I have a 2008 Jetta 2.5L with automatic transmission parked it two nights ago and went to start it the next morning and it wouldnt start cranks over fine but wont fire. So far what I know is that I have spark but the fuel pump isnt turning on at all and I have no injector pulse. I put 12V to fuel pump with with a power probe and it turns on. No CEL before this issue and no codes now when scanning car. I have checked fuses under hood and ones in left side of dash and all were fine. Any advice where to go from here would be great.
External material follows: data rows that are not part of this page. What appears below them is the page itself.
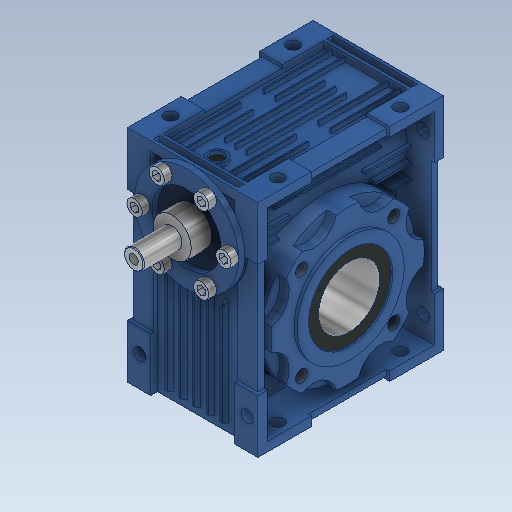
# Autodesk Inventor part: nmrv 50 casing
Saved by Autodesk Inventor 2020 (Build 240168000, 168)
## iProperties
Created: 2020-07-31
Part Number: nmrv 50 casing
Material: Generic
Document SubType Name: Modeling
Designer: Vikki
Density: 3.52796 g/cm^3
Appearance: Flaked Satin - Blue
Mass: 3500 g
Surface Area: 1630.31 cm^2
Volume: 992.076 cm^3
Author: Vikki
Autodesk Inventor part; units mm, degrees
sketch "Sketch1" plane through (0, 0, 0) normal (1, 0, 0) x (0, 1, 0)
  line L0 (-72, 60.5) -> (72, 60.5)
  line L1 (72, 60.5) -> (72, -60.5)
  line L2 (72, -60.5) -> (-72, -60.5)
  line L3 (-72, -60.5) -> (-72, 60.5)
  line L4 (-72, 60.5) -> (72, -60.5) construction
  line L5 (72, 60.5) -> (-72, -60.5) construction
  circle A0 centre (0, 0) radius 20
  dimension "d0" = 144
  dimension "d1" = 121
  dimension "d2" = 40
  constraints: 12 end point, 2 parallel, 1 centre point, 1 horizontal, 1 perpendicular, 1 vertical
  measures "d0" distance of L1.end L2.end
  measures "d1" distance of L0.end L1.end
  measures "d2" diameter of A0
extrude "Extrusion1" add sketch "Sketch1" along normal blind 85
ref_plane "Work Plane4" through (72.5, 0, 0) normal (1, 0, 0) x (0, 0, -1)
ref_plane "Work Plane5" through (85, 0, 0) normal (1, 0, 0) x (0, 0, -1)
sketch "Sketch10" plane through (0, 72, 60.5) normal (0, 1, 0) x (1, 0, 0)
  line L0 (0, 121) -> (0, 0) projected
  line L1 (0, 0) -> (85, 0) projected
  line L2 (85, 121) -> (85, 0) projected
  line L3 (0, 121) -> (85, 121) projected
  line L4 (0, 121) -> (0, 0) projected
  line L5 (0, 121) -> (85, 121) projected
  line L6 (0, 0) -> (85, 121)
  line L7 (0, 121) -> (85, 0)
  line L8 (77.5, 20.5) -> (7.5, 20.5)
  line L9 (7.5, 20.5) -> (7.5, 100.5)
  line L10 (7.5, 100.5) -> (77.5, 100.5)
  line L11 (77.5, 100.5) -> (77.5, 20.5)
  line L12 (77.5, 20.5) -> (7.5, 100.5) construction
  line L13 (7.5, 20.5) -> (77.5, 100.5) construction
  circle A0 centre (7.5, 20.5) radius 4.1
  circle A1 centre (7.5, 100.5) radius 4.1
  circle A2 centre (77.5, 100.5) radius 4.1
  circle A3 centre (77.5, 20.5) radius 4.1
  point P0 (0, 60.5)
  point P1 (42.5, 60.5)
  dimension "d60" = 70
  dimension "d61" = 80
  dimension "d62" = 8.2
  constraints: 16 end point, 4 centre point, 4 coincident, 3 equal radius, 3 midpoint, 2 parallel, 1 horizontal, 1 perpendicular
  measures "d60" distance of L9.end L10.end
  measures "d61" distance of L8.end L9.end
  measures "d62" diameter of A0
extrude "Extrusion10" cut sketch "Sketch10" against normal blind 10 contours A1 L9 L10 | L10 L9 A1 | A0 L9 L8 | L8 L9 A0 | A2 L11 L10 | L10 L11 A2 | A3 L11 L8 | L8 L11 A3
ref_plane "Work Plane6" through (0, 57, 60.5) normal (0, -1, 0) x (1, 0, 0)
sketch "Sketch14" plane through (0, 72, 60.5) normal (0, 1, 0) x (1, 0, 0)
  line L0 (0, 0) -> (85, 0) projected
  line L1 (0, 121) -> (85, 121) projected
  line L2 (0, 0) -> (85, 121)
  line L3 (0, 121) -> (0, 0) projected
  line L4 (0, 121) -> (85, 0)
  line L5 (70, -9.5) -> (15, -9.5)
  line L6 (15, -9.5) -> (15, 130.5)
  line L7 (15, 130.5) -> (70, 130.5)
  line L8 (70, 130.5) -> (70, -9.5)
  line L9 (70, -9.5) -> (15, 130.5) construction
  line L10 (15, -9.5) -> (70, 130.5) construction
  point P0 (0, 60.5)
  point P1 (42.5, 60.5)
  dimension "d74" = 140
  dimension "d75" = 55
  constraints: 16 end point, 3 midpoint, 2 parallel, 1 horizontal, 1 perpendicular
  measures "d74" distance of L5.end L6.end
  measures "d75" distance of L6.end L7.end
extrude "Extrusion13" cut sketch "Sketch14" against normal blind 5 contours L6 L2 L4 L8 L0 | L0 L8 L5 L6 | L6 L4 L2 | L4 L6 L1 L8 L2 | L2 L8 L4 | L6 L7 L8 L1
sketch "Sketch15" plane through (0, 67, 60.5) normal (0, 1, 0) x (1, 0, 0)
  line L0 (15, 0) -> (70, 0)
  line L1 (70, 0) -> (70, 2)
  line L2 (70, 2) -> (15, 2)
  line L3 (15, 2) -> (15, 0)
  line L4 (15, 6) -> (70, 6)
  line L5 (70, 6) -> (70, 8)
  line L6 (70, 8) -> (15, 8)
  line L7 (15, 8) -> (15, 6)
  point P0 (0, 60.5)
  dimension "d78" = 2
  dimension "d81" = 6
  constraints: 16 end point, 2 parallel, 1 coincident, 1 collinear, 1 horizontal, 1 perpendicular, 1 vertical, 7 other
  measures "d78" distance between parallel lines of L0 L2
  measures "d81" distance of L0.end L4.end
extrude "Extrusion14" add sketch "Sketch15" along normal blind 5
ref_plane "Work Plane1" through (0, -72, 0) normal (0, 0, 1) x (1, 0, 0)
mirror "Mirror1" about plane through (0, -72, 0) normal (0, 0, 1) of "Extrusion14"
sketch "Sketch16" plane through (0, 67, 60.5) normal (0, 1, 0) x (1, 0, 0)
  circle A0 centre (42.5, 16) radius 6
  line L0 (15, 8) -> (15, 113) projected
  line L1 (70, 8) -> (15, 8) projected
  circle A1 centre (42.5, 16) radius 4.5
  point P0 (0, 60.5)
  dimension "d88" = 27.5
  dimension "d89" = 8
  dimension "d90" = 12
  dimension "d91" = 1.5
  constraints: 2 centre point
  measures "d88" distance from line of A0.centre L0
  measures "d89" distance from line of L1 A0.centre
  measures "d90" diameter of A0
  measures "d91" radial gap between concentric circles of A0 A1
extrude "Extrusion15" add sketch "Sketch16" along normal blind 2
sketch "Sketch17" plane through (0, 67, 60.5) normal (0, 1, 0) x (1, 0, 0)
  line L0 (35, 28.020714) -> (36, 28.020714)
  line L1 (36, 28.020714) -> (36, 74)
  line L2 (36, 74) -> (35, 74)
  line L3 (35, 74) -> (35, 28.020714)
  line L4 (15, 8) -> (15, 113)
  line L5 (49, 28.020714) -> (50, 28.020714)
  line L6 (50, 28.020714) -> (50, 68.020714)
  line L7 (50, 68.020714) -> (49, 68.020714)
  line L8 (49, 68.020714) -> (49, 28.020714)
  line L9 (70, 113) -> (70, 8)
  line L10 (42, 28.020714) -> (43, 28.020714)
  line L11 (43, 28.020714) -> (43, 74)
  line L12 (43, 74) -> (42, 74)
  line L13 (42, 74) -> (42, 28.020714)
  point P0 (0, 60.5)
  dimension "d94" = 20
  dimension "d95" = 1
  dimension "d96" = 1
  dimension "d97" = 20
  dimension "d98" = 1
  dimension "d99" = 6
  dimension "d100" = 40
  constraints: 24 end point, 6 parallel, 3 collinear, 3 horizontal, 3 perpendicular
  measures "d94" distance between parallel lines of L3 L4
  measures "d95" distance of L0.start L0.end
  measures "d96" distance of L5.start L5.end
  measures "d97" distance between parallel lines of L9 L6
  measures "d98" distance of L10.start L10.end
  measures "d99" distance between parallel lines of L13 L1
  measures "d100" distance of L5.end L6.end
extrude "Extrusion16" add sketch "Sketch17" along normal blind 3
sketch "Sketch18" plane through (0, 67, 60.5) normal (0, 1, 0) x (1, 0, 0)
  line L0 (20, 8) -> (21, 8)
  line L1 (21, 8) -> (21, 53)
  line L2 (21, 53) -> (20, 53)
  line L3 (20, 53) -> (20, 8)
  line L4 (15, 8) -> (70, 8)
  line L5 (28, 8) -> (29, 8)
  line L6 (29, 8) -> (29, 53)
  line L7 (29, 53) -> (28, 53)
  line L8 (28, 53) -> (28, 8)
  line L9 (42, 74) -> (42, 28.020714)
  line L10 (43, 28.020714) -> (43, 74)
  line L11 (42.5, 29) -> (42.5, 35)
  line L12 (42.5, 35) -> (42.5, 36)
  line L13 (42.5, 36) -> (42.5, 26)
  line L14 (65, 8) -> (64, 8)
  line L15 (64, 8) -> (64, 53)
  line L16 (64, 53) -> (65, 53)
  line L17 (65, 53) -> (65, 8)
  line L18 (57, 8) -> (56, 8)
  line L19 (56, 8) -> (56, 53)
  line L20 (56, 53) -> (57, 53)
  line L21 (57, 53) -> (57, 8)
  point P0 (0, 60.5)
  point P1 (64, 8)
  point P2 (65, 8)
  point P3 (57, 8)
  point P4 (28, 8)
  dimension "d103" = 1
  dimension "d104" = 45
  dimension "d107" = 8
  dimension "d112" = 0.5
  constraints: 38 end point, 8 symmetric about line, 3 parallel, 2 collinear, 2 horizontal, 1 perpendicular, 7 other
  measures "d103" distance of L0.start L0.end
  measures "d104" distance of L0.end L1.end
  measures "d107" distance of L0.start L5.start
  measures "d112" distance between parallel lines of L9 L13
extrude "Extrusion17" add sketch "Sketch18" along normal blind 3
mirror "Mirror2" about plane through (0, -72, 0) normal (0, 0, 1) of "Extrusion16", "Extrusion17"
ref_plane "Work Plane2" through (0, 0, 60.5) normal (0, 1, 0) x (1, 0, 0)
mirror "Mirror3" about plane through (0, 0, 60.5) normal (0, 1, 0) of "Extrusion16", "Extrusion17", "Mirror2", "Extrusion14", "Mirror1", "Extrusion13", "Extrusion10"
ref_plane "Work Plane3" through (42.5, 0, 0) normal (1, 0, 0) x (0, 0, -1)
sketch "Sketch22" plane through (85, 0, 0) normal (1, 0, 0) x (0, 0, -1)
  circle A0 centre (0, 0) radius 20 projected
extrude "Extrusion18" add sketch "Sketch22" against normal up to surface (85 mm away)
sketch "Sketch23" plane through (85, 0, 0) normal (1, 0, 0) x (0, 0, -1)
  circle A0 centre (0, -12) radius 20
  line L0 (60.5, 72) -> (-60.5, 72) projected
  point P0 (0, 0)
  dimension "d130" = 84
  dimension "d131" = 40
  constraints: 1 centre point, 1 vertical alignment
  measures "d130" distance from line of A0.centre L0
  measures "d131" diameter of A0
extrude "Extrusion19" cut sketch "Sketch23" against normal up to surface (85 mm away)
sketch "Sketch24" plane through (85, 0, 0) normal (1, 0, 0) x (0, 0, -1)
  circle A0 centre (0, -12) radius 20 projected
  line L0 (60.5, 72) -> (-60.5, 72) projected
  line L1 (-60.5, 72) -> (-60.5, -72) projected
  line L2 (-60.5, -72) -> (60.5, -72) projected
  line L3 (60.5, -72) -> (60.5, 72) projected
  circle A1 centre (0, -12) radius 50
  line L4 (-54.5, 66) -> (54.5, 66)
  line L5 (54.5, 66) -> (54.5, -66)
  line L6 (54.5, -66) -> (-54.5, -66)
  line L7 (-54.5, -66) -> (-54.5, 66)
  point P0 (0, 0)
  dimension "d134" = 100
  dimension "d135" = 6
  constraints: 8 end point, 1 centre point, 1 coincident, 3 other
  measures "d134" diameter of A1
  measures "d135" distance between parallel lines of L4 L0
extrude "Extrusion20" cut sketch "Sketch24" against normal blind 25 contours L4 L5 L6 L7
sketch "Sketch25" plane through (85, -12, 0) normal (1, 0, 0) x (0, 0, -1)
  circle A0 centre (0, 0) radius 20
  circle A1 centre (0, 0) radius 50
  circle A2 centre (0, 0) radius 20
  line L0 (0, 0) -> (25.019992, 25.019992) construction
  line L1 (0, 0) -> (34, 0)
  circle A3 centre (0, 0) radius 42.5
  line L2 (0, 0) -> (53.123073, 22.004297) construction
  circle A4 centre (53.123073, 22.004297) radius 15
  circle A5 centre (22.004297, 53.123073) radius 15
  circle A6 centre (-22.004297, 53.123073) radius 15
  circle A7 centre (-53.123073, 22.004297) radius 15
  circle A8 centre (-53.123073, -22.004297) radius 15
  circle A9 centre (-22.004297, -53.123073) radius 15
  circle A10 centre (22.004297, -53.123073) radius 15
  circle A11 centre (53.123073, -22.004297) radius 15
  point P0 (0, 12)
  point P1 (-40.23675, 29.681711)
  point P2 (-49.439818, 7.46354)
  point P3 (-49.439818, -7.46354)
  point P4 (-40.23675, -29.681711)
  point P5 (-29.681711, -40.23675)
  point P6 (-7.46354, -49.439818)
  point P7 (7.46354, -49.439818)
  point P8 (29.681711, -40.23675)
  point P9 (40.23675, -29.681711)
  point P10 (49.439818, -7.46354)
  point P11 (49.439818, 7.46354)
  point P12 (40.23675, 29.681711)
  point P13 (-7.46354, 49.439818)
  point P14 (-29.681711, 40.23675)
  point P15 (29.681711, 40.23675)
  point P16 (7.46354, 49.439818)
  dimension "d138" = 45
  dimension "d139" = 85
  dimension "d140" = 22.5
  dimension "d141" = 30
  dimension "d144" = 360
  constraints: 9 centre point, 6 end point, 2 coincident, 1 horizontal, 1 tangent, 17 other
  measures "d138" angle of L1 L0
  measures "d139" diameter of A3
  measures "d140" angle of L1 L2
  measures "d141" diameter of A4
extrude "Extrusion21" cut sketch "Sketch25" against normal blind 8 contours A4 A1 | A1 A11 | A5 A1 | A1 A10 | A6 A1 | A9 A1 | A7 A1 | A8 A1 picked at (43.783416, 18.135685) picked at (43.783416, -18.135685) picked at (18.135685, 43.783416) picked at (18.135685, -43.783416) picked at (-18.135685, 43.783416) picked at (-18.135685, -43.783416) picked at (-43.783416, 18.135685) picked at (-43.783416, -18.135685)
sketch "Sketch26" plane through (85, 0, 0) normal (1, 0, 0) x (0, 0, -1)
  circle A0 centre (0, -12) radius 20
  circle A1 centre (0, -12) radius 35
  arc A2 (49.439818, -19.46354) -> (49.439818, -4.53646) centre (0, -12) ccw
  arc A3 (40.23675, -41.681711) -> (49.439818, -19.46354) centre (0, -12) ccw
  arc A4 (29.681711, -52.23675) -> (40.23675, -41.681711) centre (0, -12) ccw
  arc A5 (7.46354, -61.439818) -> (29.681711, -52.23675) centre (0, -12) ccw
  arc A6 (-7.46354, -61.439818) -> (7.46354, -61.439818) centre (0, -12) ccw
  arc A7 (-29.681711, -52.23675) -> (-7.46354, -61.439818) centre (0, -12) ccw
  arc A8 (-40.23675, -41.681711) -> (-29.681711, -52.23675) centre (0, -12) ccw
  arc A9 (-49.439818, -19.46354) -> (-40.23675, -41.681711) centre (0, -12) ccw
  arc A10 (-49.439818, -4.53646) -> (-49.439818, -19.46354) centre (0, -12) ccw
  arc A11 (-40.23675, 17.681711) -> (-49.439818, -4.53646) centre (0, -12) ccw
  arc A12 (-29.681711, 28.23675) -> (-40.23675, 17.681711) centre (0, -12) ccw
  arc A13 (-7.46354, 37.439818) -> (-29.681711, 28.23675) centre (0, -12) ccw
  arc A14 (7.46354, 37.439818) -> (-7.46354, 37.439818) centre (0, -12) ccw
  arc A15 (29.681711, 28.23675) -> (7.46354, 37.439818) centre (0, -12) ccw
  arc A16 (40.23675, 17.681711) -> (29.681711, 28.23675) centre (0, -12) ccw
  arc A17 (49.439818, -4.53646) -> (40.23675, 17.681711) centre (0, -12) ccw
  circle A18 centre (0, -12) radius 50
  point P0 (0, 0)
  point P1 (49.439818, -4.53646)
  point P2 (29.681711, 28.23675)
  point P3 (-7.46354, 37.439818)
  point P4 (-49.439818, -19.46354)
  point P5 (7.46354, -61.439818)
  dimension "d148" = 70
  constraints: 1 centre point, 1 coincident
  measures "d148" diameter of A1
extrude "Extrusion22" cut sketch "Sketch26" against normal blind 2 contours A3 A4 A5 A6 A7 A8 A9 A10 A11 A12 A13 A14 A15 A16 A17 A2
sketch "Sketch27" plane through (85, -12, 0) normal (1, 0, 0) x (0, 0, -1)
  circle A0 centre (0, 0) radius 20 projected
  circle A1 centre (0, 0) radius 27.5
  point P0 (0, 12)
  dimension "d151" = 55
  constraints: 1 centre point, 1 coincident
  measures "d151" diameter of A1
extrude "Extrusion23" cut sketch "Sketch27" against normal blind 1
sketch "Sketch28" plane through (83, 0, 0) normal (1, 0, 0) x (0, 0, -1)
  circle A0 centre (0, -12) radius 20
  circle A1 centre (30.052038, 18.052038) radius 4
  circle A2 centre (0, -12) radius 42.5
  line L0 (0, -12) -> (13, -12)
  line L1 (0, -12) -> (30.052038, 18.052038) construction
  line L2 (0, -12) -> (-30.052038, 18.052038) construction
  circle A3 centre (-30.052038, 18.052038) radius 4
  line L3 (0, -12) -> (-30.052038, -42.052038) construction
  circle A4 centre (-30.052038, -42.052038) radius 4
  line L4 (0, -12) -> (30.052038, -42.052038) construction
  circle A5 centre (30.052038, -42.052038) radius 4
  point P0 (0, 0)
  dimension "d154" = 85
  dimension "d155" = 45
  dimension "d156" = 8
  dimension "d159" = 360
  constraints: 10 end point, 4 centre point, 1 coincident, 1 horizontal, 20 other
  measures "d155" angle of L0 L1
  measures "d156" diameter of A1
extrude "Extrusion24" cut sketch "Sketch28" against normal blind 10 contours A1 A2 | A2 A1 | A3 A2 | A2 A3 | A5 A2 | A2 A5 | A4 A2 | A2 A4
thread "Thread7" size "M8x1.25" class "6H" standard "ANSI Metric M Profile" length 60
thread "Thread8" size "M8x1.25" class "6H" standard "ANSI Metric M Profile" length 60
thread "Thread9" size "M8x1.25" class "6H" standard "ANSI Metric M Profile" length 60
thread "Thread10" size "M8x1.25" class "6H" standard "ANSI Metric M Profile" length 60
sketch "Sketch29" plane through (60, 0, 0) normal (1, 0, 0) x (0, 0, -1)
  line L0 (-35, 58) -> (0, 58)
  line L1 (0, 58) -> (0, 56.5)
  line L2 (0, 56.5) -> (-35, 56.5)
  line L3 (-35, 56.5) -> (-35, 58)
  line L4 (-54.5, 66) -> (54.5, 66) projected
  line L5 (-35, 49) -> (0, 49)
  line L6 (0, 49) -> (0, 47.5)
  line L7 (0, 47.5) -> (-35, 47.5)
  line L8 (-35, 47.5) -> (-35, 49)
  line L9 (-54.5, -66) -> (-54.5, 66) projected
  line L10 (-54.5, 39.5) -> (-24.5, 39.5)
  line L11 (-24.5, 39.5) -> (-24.5, 38)
  line L12 (-24.5, 38) -> (-54.5, 38)
  line L13 (-54.5, 38) -> (-54.5, 39.5)
  line L14 (-54.5, -66) -> (-54.5, 66) projected
  line L15 (-54.5, 30) -> (-31.5, 30)
  line L16 (-31.5, 30) -> (-31.5, 28.5)
  line L17 (-31.5, 28.5) -> (-54.5, 28.5)
  line L18 (-54.5, 28.5) -> (-54.5, 30)
  line L19 (-54.5, 20.5) -> (-41.5, 20.5)
  line L20 (-41.5, 20.5) -> (-41.5, 19)
  line L21 (-41.5, 19) -> (-54.5, 19)
  line L22 (-54.5, 19) -> (-54.5, 20.5)
  line L23 (0, 49) -> (0, 56.5)
  line L24 (35, 58) -> (0, 58)
  line L25 (0, 56.5) -> (35, 56.5)
  line L26 (35, 56.5) -> (35, 58)
  line L27 (35, 49) -> (0, 49)
  line L28 (0, 47.5) -> (35, 47.5)
  line L29 (35, 47.5) -> (35, 49)
  line L30 (54.5, 39.5) -> (24.5, 39.5)
  line L31 (24.5, 39.5) -> (24.5, 38)
  line L32 (24.5, 38) -> (54.5, 38)
  line L33 (54.5, 38) -> (54.5, 39.5)
  line L34 (54.5, 30) -> (31.5, 30)
  line L35 (31.5, 30) -> (31.5, 28.5)
  line L36 (31.5, 28.5) -> (54.5, 28.5)
  line L37 (54.5, 28.5) -> (54.5, 30)
  line L38 (54.5, 20.5) -> (41.5, 20.5)
  line L39 (41.5, 20.5) -> (41.5, 19)
  line L40 (41.5, 19) -> (54.5, 19)
  line L41 (54.5, 19) -> (54.5, 20.5)
  point P0 (0, 0)
  dimension "d171" = 1.5
  dimension "d172" = 8
  dimension "d173" = 35
  dimension "d176" = 9
  dimension "d181" = 30
  dimension "d182" = 8
  dimension "d183" = 8
  dimension "d184" = 8
  dimension "d185" = 23
  dimension "d186" = 13
  constraints: 78 end point, 16 symmetric about line, 11 parallel, 4 horizontal, 4 perpendicular, 3 point on line, 2 vertical, 1 collinear, 1 vertical alignment, 7 other
  measures "d171" distance of L2.end L0.start
  measures "d172" distance between parallel lines of L0 L4
  measures "d173" distance of L0.start L0.end
  measures "d176" distance of L0.start L5.start
  measures "d181" distance of L10.start L10.end
  measures "d182" distance between parallel lines of L10 L7
  measures "d183" distance between parallel lines of L15 L12
  measures "d184" distance between parallel lines of L19 L17
  measures "d185" distance of L15.start L15.end
  measures "d186" distance of L19.start L19.end
extrude "Extrusion25" add sketch "Sketch29" along normal blind 10
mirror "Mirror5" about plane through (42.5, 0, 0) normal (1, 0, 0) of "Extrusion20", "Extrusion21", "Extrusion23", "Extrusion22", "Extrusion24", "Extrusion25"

Thanks in advance

5/8/14
Today I am now getting codes after removing the battery and charging and then reinstalling and trying to start car codes are p0261 p0264 p0267 p0270 p0273 and p0480 first 5 are injector circuit low and last is cooling fan malfunction


----------



## lastonetobefirst (May 7, 2014)

TTT


----------



## Geo (Nov 14, 2000)

did you check the fuel pump relay?


----------



## lastonetobefirst (May 7, 2014)

Yea I have checked the fuel pump relay


----------



## Geo (Nov 14, 2000)

I'm kind of at a loss. You confirmed the fuel pump works when you supplied power yourself. Have you tried starting it while leaving it powered?


----------



## lastonetobefirst (May 7, 2014)

Yea I have tried starting it with power to the fuel pump but injectors still are not getting a signal from the computer so it wont start


----------



## lastonetobefirst (May 7, 2014)

TTT


----------



## le0n (Jun 12, 2013)

have you checked all of your grounding points? starting with the negative battery cable to chassis?


----------



## alwaysdutch (Oct 19, 2011)

No issues lately with starting after pumping gas? Sometimes the purge valve can prevent the engine from firing


----------